Надо представить себе лицо Алексея. Он похож на растаявшее мороженое. Слова мои, как видно, пролились на его сердце бальзамом. Весьма неожиданно для меня, признаться.
— Послушай, Андрей! — Он встает, по-отечески обнимает меня за плечи. — Что же ты раньше молчал? Это же совсем другое дело.
— Да неудобно было, — заставляю я себя покраснеть.
— Я вот, когда на журфаке учился… Мы ведь еще и коллеги?
— Да… — еще более робко отвечаю я.
— Так я, когда учился, тоже подрабатывал. Бывало, полмесяца проваландаешься на левых приработках, а сессия уже почти провалена. А что делать? Жить-то надо было. Но успевал как-то, старался.
— Я вот тоже стараюсь, очень даже. Только вот…
— А группа и у меня была. Знаешь, такой панк-рок рубили — мама, не горюй! Типа «Clash». Круто играли, круто.
— О! Я как раз хочу рэп с панк-роком скрестить, вы что думаете?
— Думаю жестко должно получиться. В свое время… Н-да. Ладно, Андрей, это меняет дело. Я, признаться, начал уже в тебе разочаровываться. Даю тебе время до пятницы. В пятницу — будь добр.
— Мне сегодня до вечера хватит!
— Не надо фанатизма. В пятницу. Все, давай, иди творить, брат по перу.
Я закрываю дверь и поднимаю вверх кулак. Yes! Он все-таки назвал меня братом!
Теперь, когда отсрочка получена, стоит заняться делами. Поскольку интервью еще не запланировано, и нe факт, что оно вообще состоится (тьфу-тьфу), поскольку ресторанный рейтинг занимает минут десять (если с кофе), самое время заняться обзором светской хроники. Я решаю написать на работе обзор, свою авторскую колонку для «Пути», а затем съездить к владельцу «Ностальжи» Игорю Бухарову и попутно заняться легким шопингом / разведкой боем в ЦУМе. Да. И еще пойти в солярий. Круто? Главное, как уже говорилось выше, правильно планировать личное время! Осталась одна загвоздка — подписи к фотографиям. И урегулирование финансового вопроса с Мариной…
Я выхожу, чтобы налить себе кофе, и слышу голос секретарши Даши:
— Что, Миркин, невеселый такой? Сняли с тебя скальп у главреда?
Мое презрение к Даше в этот момент таково, что я готов ответить ей спиной, и только особенности физиологии человека мешают мне это сделать. Я разворачиваюсь, подхожу к ней и как можно громче говорю:
— Даша, я могу тебя уничтожить прямо на месте. И даже не левым пальцем правой ноги, как ты могла бы подумать. Я раздавлю тебя весом собственного интеллектуального багажа…

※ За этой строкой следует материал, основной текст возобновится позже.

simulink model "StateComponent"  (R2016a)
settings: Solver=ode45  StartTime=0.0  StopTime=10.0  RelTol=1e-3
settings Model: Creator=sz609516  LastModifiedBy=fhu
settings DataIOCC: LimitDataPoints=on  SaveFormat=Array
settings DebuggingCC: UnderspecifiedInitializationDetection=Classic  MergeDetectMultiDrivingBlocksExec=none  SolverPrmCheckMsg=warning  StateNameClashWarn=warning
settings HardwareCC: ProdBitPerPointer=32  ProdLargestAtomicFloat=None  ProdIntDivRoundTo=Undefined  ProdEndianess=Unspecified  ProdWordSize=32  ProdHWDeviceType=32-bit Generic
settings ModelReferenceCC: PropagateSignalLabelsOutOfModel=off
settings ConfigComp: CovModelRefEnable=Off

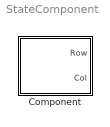
== system StateComponent ==
  Component : Subsystem

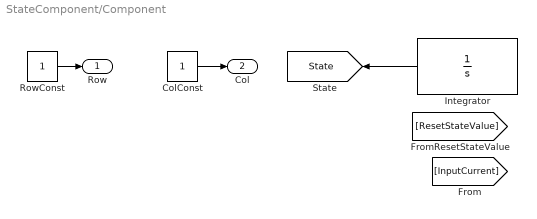
== system StateComponent/Component ==
  ColConst : Constant
  Integrator : Integrator  ExternalReset=either  InitialConditionSource=external
  RowConst : Constant
  Row : Outport
  Col : Outport  Port=2
  tag scope: State=global
  wires:
  RowConst/1 -> Row/1
  ColConst/1 -> Col/1
  Integrator/1 -> [State]
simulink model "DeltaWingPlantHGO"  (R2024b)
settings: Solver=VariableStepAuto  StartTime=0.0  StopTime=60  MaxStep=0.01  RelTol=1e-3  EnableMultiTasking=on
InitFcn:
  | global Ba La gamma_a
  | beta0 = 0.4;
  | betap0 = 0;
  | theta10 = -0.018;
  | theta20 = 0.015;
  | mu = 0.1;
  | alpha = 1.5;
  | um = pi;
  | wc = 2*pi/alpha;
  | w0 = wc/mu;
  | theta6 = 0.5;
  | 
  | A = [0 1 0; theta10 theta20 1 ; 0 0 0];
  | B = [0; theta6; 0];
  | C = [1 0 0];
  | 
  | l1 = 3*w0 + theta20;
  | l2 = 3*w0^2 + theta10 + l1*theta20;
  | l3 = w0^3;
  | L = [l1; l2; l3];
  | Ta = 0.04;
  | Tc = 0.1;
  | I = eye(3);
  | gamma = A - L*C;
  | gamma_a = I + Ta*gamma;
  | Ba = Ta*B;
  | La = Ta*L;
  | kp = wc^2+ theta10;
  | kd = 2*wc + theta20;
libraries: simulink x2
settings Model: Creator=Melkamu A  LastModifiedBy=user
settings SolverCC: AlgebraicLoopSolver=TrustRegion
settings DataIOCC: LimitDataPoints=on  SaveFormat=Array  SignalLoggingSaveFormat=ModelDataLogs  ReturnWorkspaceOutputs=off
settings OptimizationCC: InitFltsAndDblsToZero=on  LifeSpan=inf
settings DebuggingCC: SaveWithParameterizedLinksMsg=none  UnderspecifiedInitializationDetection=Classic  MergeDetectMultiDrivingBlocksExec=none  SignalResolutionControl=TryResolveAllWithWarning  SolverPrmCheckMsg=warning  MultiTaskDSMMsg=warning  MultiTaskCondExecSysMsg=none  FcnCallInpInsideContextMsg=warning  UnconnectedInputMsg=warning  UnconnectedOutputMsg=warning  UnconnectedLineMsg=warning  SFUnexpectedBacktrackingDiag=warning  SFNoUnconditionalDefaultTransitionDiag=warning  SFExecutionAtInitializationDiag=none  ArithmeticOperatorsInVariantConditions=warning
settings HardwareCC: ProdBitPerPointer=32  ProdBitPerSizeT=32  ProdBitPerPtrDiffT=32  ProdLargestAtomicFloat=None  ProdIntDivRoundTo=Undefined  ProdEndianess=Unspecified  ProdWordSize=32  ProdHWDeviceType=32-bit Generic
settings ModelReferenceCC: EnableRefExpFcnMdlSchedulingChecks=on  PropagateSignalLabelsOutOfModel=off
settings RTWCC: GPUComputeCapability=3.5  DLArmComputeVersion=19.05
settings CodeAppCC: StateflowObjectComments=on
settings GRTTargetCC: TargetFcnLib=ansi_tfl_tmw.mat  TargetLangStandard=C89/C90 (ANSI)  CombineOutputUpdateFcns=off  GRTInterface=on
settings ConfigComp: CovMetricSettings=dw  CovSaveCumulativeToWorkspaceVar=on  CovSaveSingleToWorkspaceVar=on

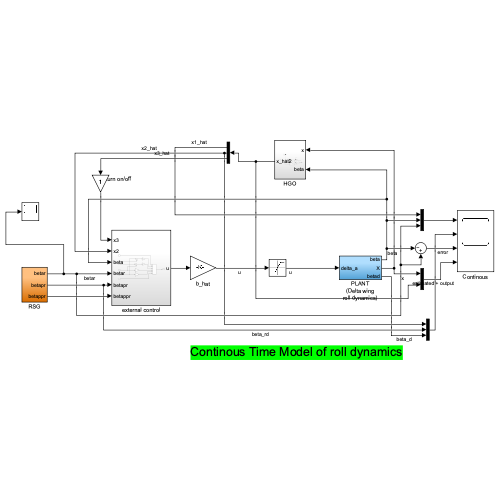
[thumbnail: Simulink's stored preview of the top-level diagram]
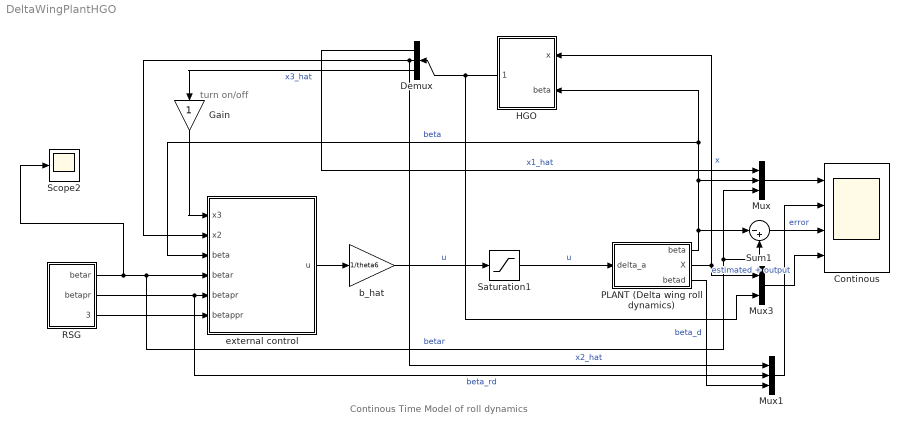
== system DeltaWingPlantHGO ==
  note: turn on/off
  note: Continous Time Model of roll dynamics
  Continous : Scope  NumInputPorts=4
  Demux : Demux  Outputs=3
  Gain : Gain
  HGO : Subsystem
  Mux : Mux  Inputs=3
  Mux1 : Mux  Inputs=3
  Mux3 : Mux  Inputs=2
  PLANT (Delta wing roll dynamics) : Subsystem
  RSG : Subsystem
  Saturation1 : Saturate  UpperLimit=pi  LowerLimit=-pi
  Scope2 : Scope
  Sum1 : Sum  Inputs=|-+
  b_hat : Gain  Gain=1/theta6
  external control : Subsystem
  wires:
  PLANT (Delta wing roll dynamics)/1(beta) -> Sum1/1, HGO/2(beta), external control/3(beta), Mux/2  "beta"
  RSG/1(betar) -> Scope2/1, Sum1/2, Mux/3, external control/4(betar)  "betar"
  RSG/2(betapr) -> Mux1/2, external control/5(betapr)  "beta_rd"
  RSG/3(betappr) -> external control/6(betappr)
  external control/1(u) -> b_hat/1
  Demux/3 -> Gain/1  "x3_hat"
  b_hat/1 -> Saturation1/1  "u"
  Demux/2 -> Mux1/1, external control/2(x2)  "x2_hat"
  Mux/1 -> Continous/1
  Demux/1 -> Mux/1  "x1_hat"
  PLANT (Delta wing roll dynamics)/2(X) -> Mux3/1, HGO/1(x)  "x"
  Mux3/1 -> Continous/4  "estimated + output"
  Sum1/1 -> Continous/3  "error"
  Gain/1 -> external control/1(x3)
  HGO/1(x_hat2) -> Demux/1, Mux3/2
  PLANT (Delta wing roll dynamics)/3(betad) -> Mux1/3  "beta_d"
  Mux1/1 -> Continous/2
  Saturation1/1 -> PLANT (Delta wing roll dynamics)/1(delta_a)  "u"

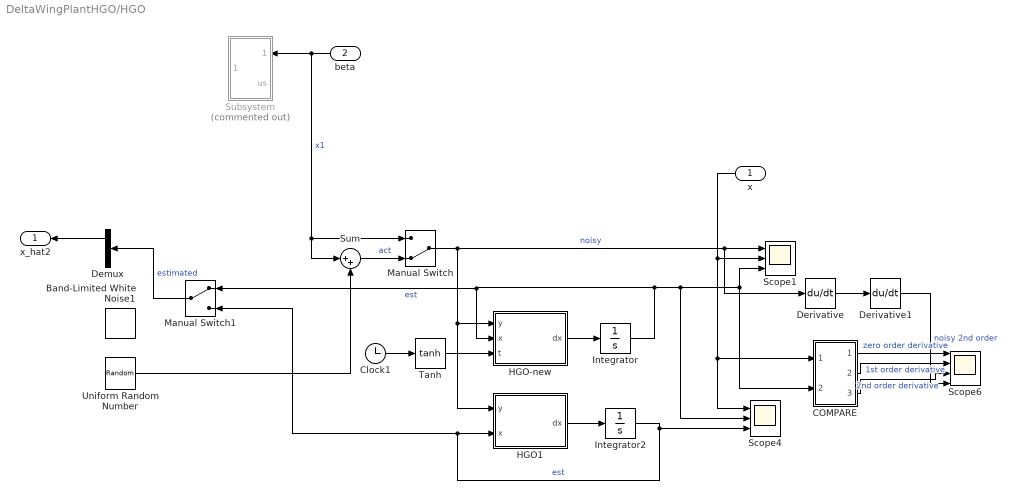
== system DeltaWingPlantHGO/HGO ==
  x : Inport
  beta : Inport  Port=2
  Band-Limited White Noise1 : simulink/Sources/Band-Limited White Noise  Cov=1e-8  Ts=0.001  seed=[23341]
  COMPARE : Subsystem
  Clock1 : Clock
  Demux : Demux  Outputs=[3, 1]
  Derivative : Derivative
  Derivative1 : Derivative
  HGO-new : MATLAB Function  TreatAsAtomicUnit=on
  HGO1 : MATLAB Function  TreatAsAtomicUnit=on
  Integrator : Integrator
  Integrator2 : Integrator
  Manual Switch : ManualSwitch  CurrentSetting=0
  Manual Switch1 : ManualSwitch
  Scope1 : Scope  NumInputPorts=3
  Scope4 : Scope  NumInputPorts=3
  Scope6 : Scope  NumInputPorts=4
  Subsystem : Subsystem  Commented=on
  Sum : Sum  Inputs=|++
  Tanh : Trigonometry  Operator=tanh
  Uniform Random Number : UniformRandomNumber  Minimum=-1e-3  Maximum=1e-3  SampleTime=1e-3
  x_hat2 : Outport
  wires:
  HGO-new/1(dx) -> Integrator/1
  HGO1/1(dx) -> Integrator2/1
  COMPARE/2(Out2) -> Scope6/2  "1st order derivative"
  Sum/1 -> Manual Switch/2  "act"
  beta/1 -> Subsystem/1(beta), Manual Switch/1, Sum/1  "x1"
  x/1 -> Scope1/2, COMPARE/1(act), Scope4/1
  Clock1/1 -> Tanh/1
  Uniform Random Number/1 -> Sum/2
  Tanh/1 -> HGO-new/3(t)
  Derivative1/1 -> Scope6/4  "noisy 2nd order"
  Derivative/1 -> Derivative1/1
  Manual Switch1/1 -> Demux/1  "estimated"
  Integrator/1 -> HGO-new/2(x), Manual Switch1/1, Scope4/2, Scope1/3, COMPARE/2(est)  "est"
  COMPARE/3(Out3) -> Scope6/3  "2nd order derivative"
  COMPARE/1(Out1) -> Scope6/1  "zero order derivative"
  Manual Switch/1 -> Scope1/1, Derivative/1, HGO-new/1(y), HGO1/1(y)  "noisy"
  Integrator2/1 -> Scope4/3, Manual Switch1/2, HGO1/2(x)  "est"
  Demux/1 -> x_hat2/1

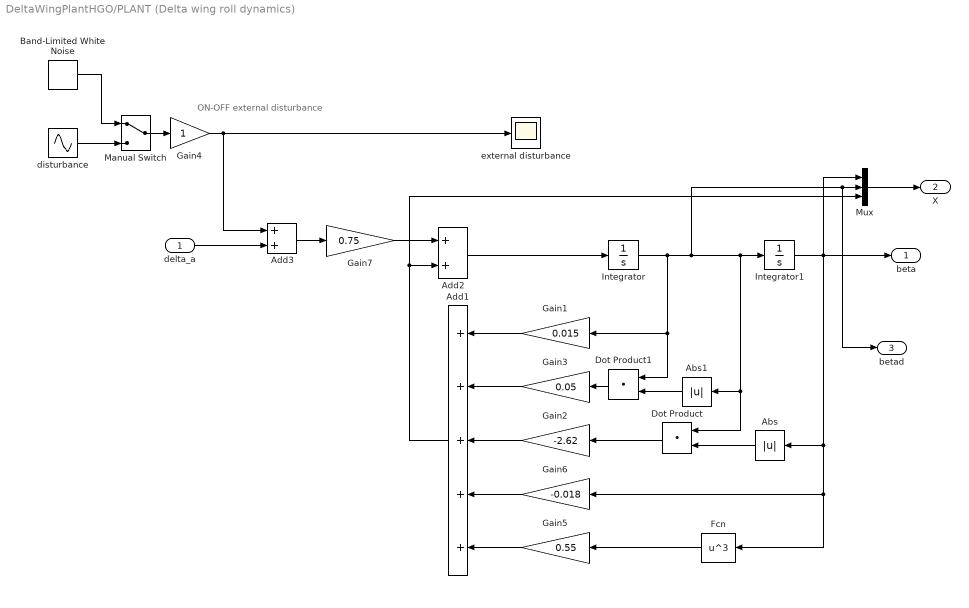
== system DeltaWingPlantHGO/PLANT (Delta wing roll dynamics) ==
  note: ON-OFF external
      | disturbance
  delta_a : Inport
  Abs : Abs  SaturateOnIntegerOverflow=off
  Abs1 : Abs  SaturateOnIntegerOverflow=off
  Add1 : Sum  Inputs=+++++
  Add2 : Sum
  Add3 : Sum
  Band-Limited White Noise : simulink/Sources/Band-Limited White Noise  Cov=[0.1*15]  Ts=15  seed=[23341]
  Dot Product : DotProduct  OutDataTypeStr=Inherit: Inherit via internal rule
  Dot Product1 : DotProduct  OutDataTypeStr=Inherit: Inherit via internal rule
  Fcn : Fcn  Expr=u^3
  Gain1 : Gain  Gain=0.015
  Gain2 : Gain  Gain=-2.62
  Gain3 : Gain  Gain=0.05
  Gain4 : Gain
  Gain5 : Gain  Gain=0.55
  Gain6 : Gain  Gain=-0.018
  Gain7 : Gain  Gain=0.75
  Integrator : Integrator  InitialCondition=betap0
  Integrator1 : Integrator  InitialCondition=beta0
  Manual Switch : ManualSwitch
  Mux : Mux  Inputs=3
  disturbance : Sin  Amplitude=1.5  SampleTime=0
  external disturbance : Scope
  beta : Outport
  X : Outport  Port=2
  betad : Outport  Port=3
  wires:
  Integrator/1 -> Dot Product1/1, Gain1/1, betad/1, Mux/2, Integrator1/1, Dot Product/1, Abs1/1
  Add2/1 -> Integrator/1
  Manual Switch/1 -> Gain4/1
  Band-Limited White Noise/1 -> Manual Switch/1
  disturbance/1 -> Manual Switch/2
  Integrator1/1 -> Mux/1, Gain6/1, Fcn/1, Abs/1, beta/1
  Add1/1 -> Mux/3, Add2/2
  Fcn/1 -> Gain5/1
  Dot Product/1 -> Gain2/1
  Abs/1 -> Dot Product/2
  Abs1/1 -> Dot Product1/2
  Dot Product1/1 -> Gain3/1
  Gain1/1 -> Add1/1
  Gain3/1 -> Add1/2
  Gain2/1 -> Add1/3
  Gain6/1 -> Add1/4
  Gain5/1 -> Add1/5
  Gain4/1 -> external disturbance/1, Add3/1
  Add3/1 -> Gain7/1
  delta_a/1 -> Add3/2
  Gain7/1 -> Add2/1
  Mux/1 -> X/1

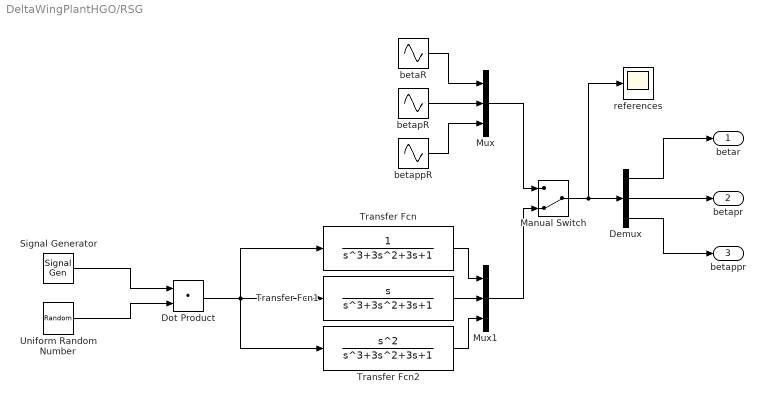
== system DeltaWingPlantHGO/RSG ==
  Demux : Demux  Outputs=3
  Dot Product : DotProduct  OutDataTypeStr=Inherit: Inherit via internal rule
  Manual Switch : ManualSwitch  CurrentSetting=0
  Mux : Mux  Inputs=3
  Mux1 : Mux  Inputs=3
  Signal Generator : SignalGenerator  WaveForm=square  Frequency=0.05
  Transfer Fcn : TransferFcn  Denominator=[1 3 3 1]
  Transfer Fcn1 : TransferFcn  Numerator=[1 0]  Denominator=[1 3 3 1]
  Transfer Fcn2 : TransferFcn  Numerator=[1 0 0]  Denominator=[1 3 3 1]
  Uniform Random Number : UniformRandomNumber  Minimum=-0.8*pi/2  Maximum=0.8*pi/2  SampleTime=10
  betaR : Sin  Frequency=0.5  SampleTime=0
  betapR : Sin  Amplitude=0.5  Frequency=0.5  Phase=pi/2  SampleTime=0
  betappR : Sin  Amplitude=-1*0.5*0.5  Frequency=0.5  SampleTime=0
  references : Scope
  betar : Outport
  betapr : Outport  Port=2
  betappr : Outport  Port=3
  wires:
  betaR/1 -> Mux/1
  betapR/1 -> Mux/2
  betappR/1 -> Mux/3
  Mux/1 -> Manual Switch/1
  Mux1/1 -> Manual Switch/2
  Manual Switch/1 -> Demux/1, references/1
  Demux/2 -> betapr/1
  Demux/1 -> betar/1
  Demux/3 -> betappr/1
  Transfer Fcn/1 -> Mux1/1
  Transfer Fcn1/1 -> Mux1/2
  Transfer Fcn2/1 -> Mux1/3
  Signal Generator/1 -> Dot Product/1
  Uniform Random Number/1 -> Dot Product/2
  Dot Product/1 -> Transfer Fcn2/1, Transfer Fcn/1, Transfer Fcn1/1

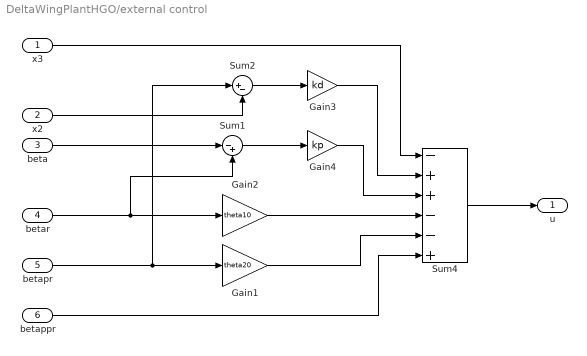
== system DeltaWingPlantHGO/external control ==
  x3 : Inport
  x2 : Inport  Port=2
  beta : Inport  Port=3
  betar : Inport  Port=4
  betapr : Inport  Port=5
  betappr : Inport  Port=6
  Gain1 : Gain  Gain=theta20
  Gain2 : Gain  Gain=theta10
  Gain3 : Gain  Gain=kd
  Gain4 : Gain  Gain=kp
  Sum1 : Sum  Inputs=|-+
  Sum2 : Sum  Inputs=|+-
  Sum4 : Sum  Inputs=-++--+
  u : Outport
  wires:
  x3/1 -> Sum4/1
  beta/1 -> Sum1/1
  betapr/1 -> Gain1/1, Sum2/1
  x2/1 -> Sum2/2
  betar/1 -> Sum1/2, Gain2/1
  Gain3/1 -> Sum4/2
  Sum2/1 -> Gain3/1
  betappr/1 -> Sum4/6
  Sum1/1 -> Gain4/1
  Gain2/1 -> Sum4/4
  Gain4/1 -> Sum4/3
  Sum4/1 -> u/1
  Gain1/1 -> Sum4/5

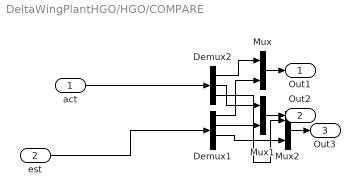
== system DeltaWingPlantHGO/HGO/COMPARE ==
  act : Inport
  est : Inport  Port=2
  Demux1 : Demux
  Demux2 : Demux  Outputs=3
  Mux : Mux  Inputs=2
  Mux1 : Mux  Inputs=2
  Mux2 : Mux  Inputs=2
  Out1 : Outport
  Out2 : Outport  Port=2
  Out3 : Outport  Port=3
  wires:
  est/1 -> Demux1/1
  Demux1/3 -> Mux2/2
  act/1 -> Demux2/1
  Demux2/1 -> Mux/1
  Mux/1 -> Out1/1
  Demux1/2 -> Mux1/2
  Demux1/1 -> Mux/2
  Demux2/2 -> Mux1/1
  Mux2/1 -> Out3/1
  Demux2/3 -> Mux2/1
  Mux1/1 -> Out2/1

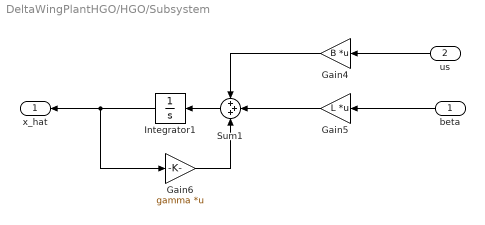
== system DeltaWingPlantHGO/HGO/Subsystem ==
  beta : Inport
  us : Inport  Port=2
  Gain4 : Gain  Gain=B  Multiplication=Matrix(K*u)
  Gain5 : Gain  Gain=L  Multiplication=Matrix(K*u)
  Gain6 : Gain  Gain=gamma  Multiplication=Matrix(K*u)
  Integrator1 : Integrator
  Sum1 : Sum  Inputs=+++
  x_hat : Outport
  wires:
  us/1 -> Gain4/1
  Gain4/1 -> Sum1/1
  Sum1/1 -> Integrator1/1
  Gain5/1 -> Sum1/2
  Integrator1/1 -> x_hat/1, Gain6/1
  Gain6/1 -> Sum1/3
  beta/1 -> Gain5/1

== matlab function DeltaWingPlantHGO/HGO/HGO-new ==
  data: y input; dx output; x input; t input
function dx = fcn(y, x, t)
    % Parameters
    n = 4;                % Order of the observer
    epsilon = 1/200;      % Small gain parameter
    tr = t/10; 
    % Binomial coefficients (for n = 4)
    % ki = nchoosek(n, i)
    k = [4, 6, 4, 1]; 

    e = 1e-5;
    % Initialize output derivative
    dx = zeros(n, 1);
    
    % High-Gain Observer Equations
    dx(1) = x(2) + (k(1)*(tr+e)^1 / epsilon^1) * (y - x(1));
    dx(2) = x(3) + (k(2)*(tr+e)^2 / epsilon^2) * (y - x(1));
    dx(3) = x(4) + (k(3)*(tr+e)^3 / epsilon^3) * (y - x(1));
    dx(4) = (k(4)*(tr+e)^4 / epsilon^4) * (y - x(1));
end

== matlab function DeltaWingPlantHGO/HGO/HGO1 ==
  data: y input; dx output; x input
function dx = fcn(y, x)
    % Parameters
    n = 4;                % Order of the observer
    epsilon = 1/150;      % Small gain parameter
    % tr = 1 ; 
    % Binomial coefficients (for n = 4)
    % ki = nchoosek(n, i)
    k = [4, 6, 4, 1]; 

    % Initialize output derivative
    dx = zeros(n, 1);
    
    % High-Gain Observer Equations
    dx(1) = x(2) + (k(1) / epsilon^1) * (y - x(1));
    dx(2) = x(3) + (k(2) / epsilon^2) * (y - x(1));
    dx(3) = x(4) + (k(3) / epsilon^3) * (y - x(1));
    dx(4) = (k(4) / epsilon^4) * (y - x(1));
end

Пока она собирается с мыслями, чтобы сначала осознать услышанное, а потом придумать ответ, я уже сижу в своем кабинете и набираю номер фотографа Марины. С баблом, конечно, неудобно получилось. Что ж ей прогнать-то? Потерял? Ага, точно… Забыл дома? «Твои проблемы», — скажет это бесчувственное животное. Я представляю себе Марину, вечно одетую в жесткое кожаное мини и рваную джинсовку. Она стоит, перепоясанная ремнями фотоаппаратов, как Анка-пулеметчица; в одной руке сигарета, в другой телефон. Короткие волосы покрашены фиолетово-зеленовато-огненным цветом. Взгляд отсутствующий. Губы сжаты. Она разлепляет их, чтобы сказать: «Твои проблемы, чувак!» — Реально, больше от нее ничего ожидать.
— Да, — хрипло отвечает Марина.
— Как дела, звезда европейской фотографии? — Я стараюсь выглядеть (точнее, звучать) как можно более учтивым.
— Хреново, — еще более хрипло отвечает она. — Когда приедешь?
— Зачем?
— За фотографиями, — кашляет Марина.
— Постой-постой, а, типа, у меня нет другой возможности их получить? Электронной почтой там или еще чем?
— Без мазы. У меня Интернет не работает. Деньги кончились.
— Марина, ты меня убиваешь. — В этот раз кашляю я. — Какого черта ты круглыми сутками щелкаешь затвором фотоаппарата, если у тебя даже на оплату Интернета не нащелкивается?
— Послушай, милый мальчик! Не забывай, я фрилансер. Это ты зарплату получаешь за ежедневное безделье, а я деньги зарабатываю путем сотрудничества с разными изданиями. Я снимала вечеринки, которые ты попросил посетить, чтобы позавчера ты приехал, забрал диск и отдал мне деньги за съемку, которые тебе выдали в редакции. А пока я щелкала камерой, ты, как всегда, все прощелкал и не приехал. Так что выкручивайся теперь сам. Кстати, что с деньгами?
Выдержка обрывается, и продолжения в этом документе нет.